Problem description: A word-for-word reproduction of the data below is needed, with no pictures in it.

(Source data)
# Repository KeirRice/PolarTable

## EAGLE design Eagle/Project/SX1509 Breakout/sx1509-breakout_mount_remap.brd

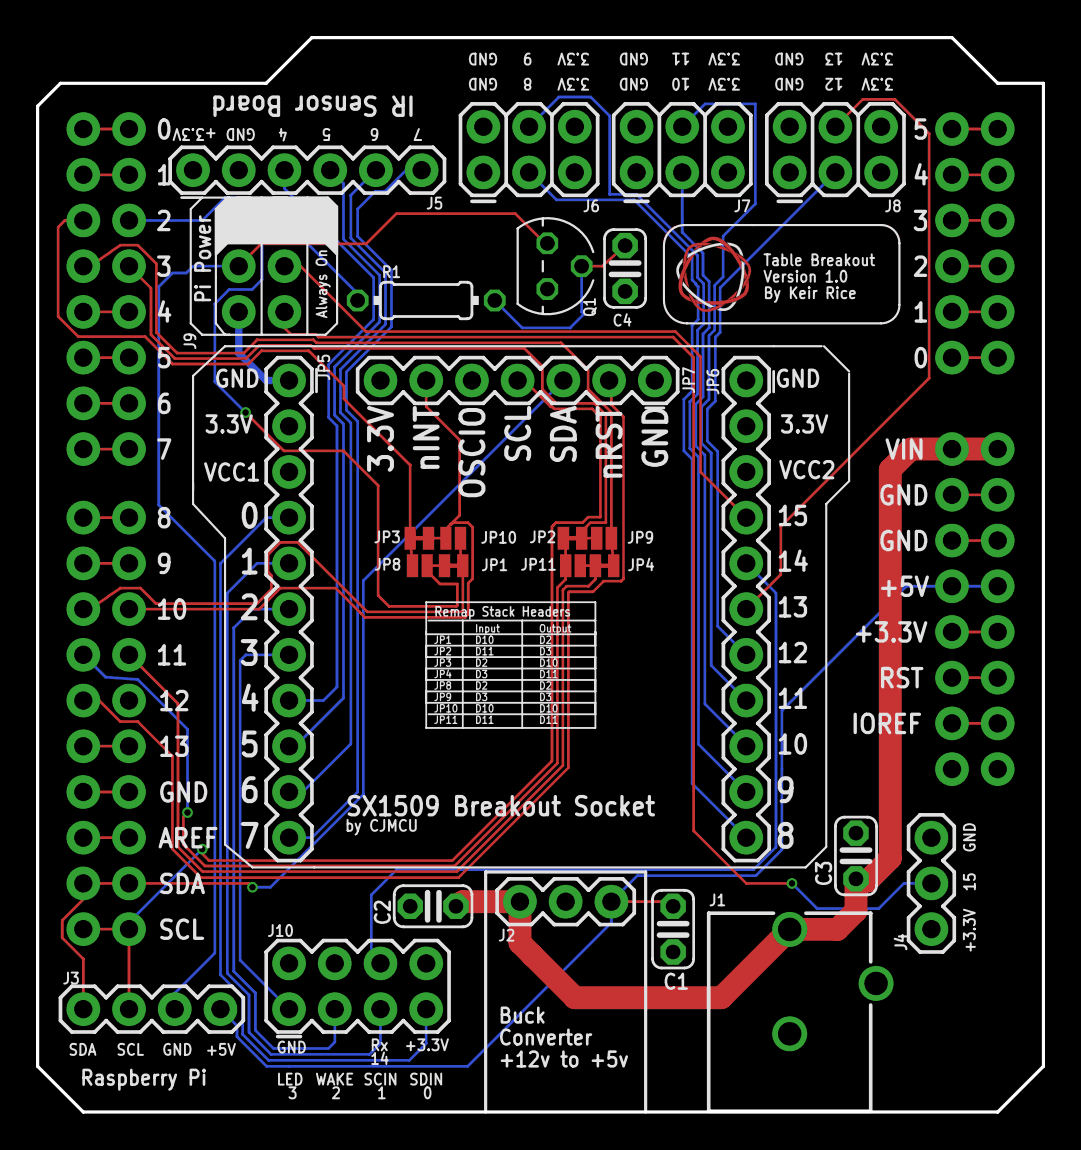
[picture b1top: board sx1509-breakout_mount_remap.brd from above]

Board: 2 copper layers, 55.9 x 59.7 mm, 30 parts (0 on the bottom side), 56 nets.

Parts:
B1: DownConnection; UNO_R3_SHIELD_NOLABELS
B2: UpConnection; UNO_R3_SHIELD_NOLABELS
C1, C2, C3, C4: 0.1uF; C025-024X044
J1: Pi Power Jack; POWER_JACK_PTH_BREAD
J2: 12V to 5V; 1X03
J3: Pi Connection; 1X04
J4: 1X03
J5: IR Sensors; 1X06
J6: Switch A + B; 2X3
J7: Switch C + D; 2X3
J8: Switch E + F; 2X3
J9: 2X3-NS
J10: LED + Radio; 2X4
JP1, JP2, JP3, JP4: SMT-JUMPER_2_NC_TRACE_NO-SILK
JP5, JP6: 1X11
JP7: 1X07
JP8, JP9, JP10, JP11: SMT-JUMPER_2_NO_NO-SILK
Q1: BC337; TO92
R1: 100; 0204/7
U$1: TRI_LOGO_5MM

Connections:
3.3V: B1.3.3V, B2.3.3V, J4.1, J5.1, J6.5, J6.6, J7.5, J7.6, J8.5, J8.6, J10.8, JP5.2, JP6.2, JP7.7
4: J5.3, JP5.8
5: J5.4, JP5.9
5V: B1.5V, B2.5V, C1.1, J2.3, J3.1
6: J5.5, JP5.10
7: J5.6, JP5.11
8: J6.3, JP6.11
9: J6.4, JP6.10
10: J7.3, JP6.9
11: J7.4, JP6.8
12: J8.3, JP6.7
12V: B1.VIN, B2.VIN, C2.2, C3.1, J1.PWR, J2.1
13: J8.4, JP6.6
15: J9.4, JP6.4
*D5: B1.D5, B2.D5
*D6: B1.D6, B2.D6
*D9: B1.D9, B2.D9
A0: B1.A0, B2.A0
A1: B1.A1, B2.A1
A2: B1.A2, B2.A2
A3: B1.A3, B2.A3
A4: B1.A4, B2.A4
A5: B1.A5, B2.A5
AREF: B1.AREF, B2.AREF
D4: B1.D4, B2.D4
D7: B1.D7, B2.D7
D8: B1.D8, B2.D8
D13: B1.D13, B2.D13
GND: C1.2, C2.1, C3.2, C4.2, J1.GND, J1.GNDBREAK, J2.2, J4.3, J5.2, J6.1, J6.2, J7.1, J7.2, J8.1, J8.2, J9.5, J10.2, JP5.1, JP6.1, JP7.1, Q1.1
GND@0: B1.GND@0, B2.GND@0
GND@1: B1.GND@1, B2.GND@1
GND@2: B1.GND@2, B2.GND@2
IOREF: B1.IOREF, B2.IOREF
unnamed: C4.1, Q1.2, R1.2
unnamed: J4.2, J9.6
unnamed: J9.2, R1.1
unnamed: B1.D2, JP3.2, JP8.2
unnamed: B1.D3, JP4.2, JP9.2
unnamed: B1.D10, JP1.2, JP10.2
unnamed: B1.D11, JP2.2, JP11.2
unnamed: B2.D2, JP1.1, JP8.1
unnamed: B2.D3, JP2.1, JP9.1
unnamed: B2.D11, JP4.1, JP11.1
NINT: B2.D10, JP3.1, JP7.6, JP10.1
NRESET: B1.D12, JP7.2
PI_GROUND: J3.2, J9.3, Q1.3
RES: B1.RES, B2.RES
RX: B1.RX, B2.RX
RXDATA: J10.6, JP6.5
SCIN: J10.5, JP5.5
SCL: B1.SCL, B2.SCL, J3.3, JP7.4
SDA: B1.SDA, B2.SDA, J3.4, JP7.3
SDIN: J10.7, JP5.4
TX: B1.TX, B2.TX
WAKE_LED: J10.1, JP5.7
WAKE_SW: J10.3, JP5.6

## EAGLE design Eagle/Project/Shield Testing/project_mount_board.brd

Completed task:
# Repository KeirRice/PolarTable

## EAGLE design Eagle/Project/SX1509 Breakout/sx1509-breakout_mount_remap.brd

[picture b1top: board sx1509-breakout_mount_remap.brd from above]

Board: 2 copper layers, 55.9 x 59.7 mm, 30 parts (0 on the bottom side), 56 nets.

Parts:
B1: DownConnection; UNO_R3_SHIELD_NOLABELS
B2: UpConnection; UNO_R3_SHIELD_NOLABELS
C1, C2, C3, C4: 0.1uF; C025-024X044
J1: Pi Power Jack; POWER_JACK_PTH_BREAD
J2: 12V to 5V; 1X03
J3: Pi Connection; 1X04
J4: 1X03
J5: IR Sensors; 1X06
J6: Switch A + B; 2X3
J7: Switch C + D; 2X3
J8: Switch E + F; 2X3
J9: 2X3-NS
J10: LED + Radio; 2X4
JP1, JP2, JP3, JP4: SMT-JUMPER_2_NC_TRACE_NO-SILK
JP5, JP6: 1X11
JP7: 1X07
JP8, JP9, JP10, JP11: SMT-JUMPER_2_NO_NO-SILK
Q1: BC337; TO92
R1: 100; 0204/7
U$1: TRI_LOGO_5MM

Connections:
3.3V: B1.3.3V, B2.3.3V, J4.1, J5.1, J6.5, J6.6, J7.5, J7.6, J8.5, J8.6, J10.8, JP5.2, JP6.2, JP7.7
4: J5.3, JP5.8
5: J5.4, JP5.9
5V: B1.5V, B2.5V, C1.1, J2.3, J3.1
6: J5.5, JP5.10
7: J5.6, JP5.11
8: J6.3, JP6.11
9: J6.4, JP6.10
10: J7.3, JP6.9
11: J7.4, JP6.8
12: J8.3, JP6.7
12V: B1.VIN, B2.VIN, C2.2, C3.1, J1.PWR, J2.1
13: J8.4, JP6.6
15: J9.4, JP6.4
*D5: B1.D5, B2.D5
*D6: B1.D6, B2.D6
*D9: B1.D9, B2.D9
A0: B1.A0, B2.A0
A1: B1.A1, B2.A1
A2: B1.A2, B2.A2
A3: B1.A3, B2.A3
A4: B1.A4, B2.A4
A5: B1.A5, B2.A5
AREF: B1.AREF, B2.AREF
D4: B1.D4, B2.D4
D7: B1.D7, B2.D7
D8: B1.D8, B2.D8
D13: B1.D13, B2.D13
GND: C1.2, C2.1, C3.2, C4.2, J1.GND, J1.GNDBREAK, J2.2, J4.3, J5.2, J6.1, J6.2, J7.1, J7.2, J8.1, J8.2, J9.5, J10.2, JP5.1, JP6.1, JP7.1, Q1.1
GND@0: B1.GND@0, B2.GND@0
GND@1: B1.GND@1, B2.GND@1
GND@2: B1.GND@2, B2.GND@2
IOREF: B1.IOREF, B2.IOREF
unnamed: C4.1, Q1.2, R1.2
unnamed: J4.2, J9.6
unnamed: J9.2, R1.1
unnamed: B1.D2, JP3.2, JP8.2
unnamed: B1.D3, JP4.2, JP9.2
unnamed: B1.D10, JP1.2, JP10.2
unnamed: B1.D11, JP2.2, JP11.2
unnamed: B2.D2, JP1.1, JP8.1
unnamed: B2.D3, JP2.1, JP9.1
unnamed: B2.D11, JP4.1, JP11.1
NINT: B2.D10, JP3.1, JP7.6, JP10.1
NRESET: B1.D12, JP7.2
PI_GROUND: J3.2, J9.3, Q1.3
RES: B1.RES, B2.RES
RX: B1.RX, B2.RX
RXDATA: J10.6, JP6.5
SCIN: J10.5, JP5.5
SCL: B1.SCL, B2.SCL, J3.3, JP7.4
SDA: B1.SDA, B2.SDA, J3.4, JP7.3
SDIN: J10.7, JP5.4
TX: B1.TX, B2.TX
WAKE_LED: J10.1, JP5.7
WAKE_SW: J10.3, JP5.6

## EAGLE design Eagle/Project/Shield Testing/project_mount_board.brd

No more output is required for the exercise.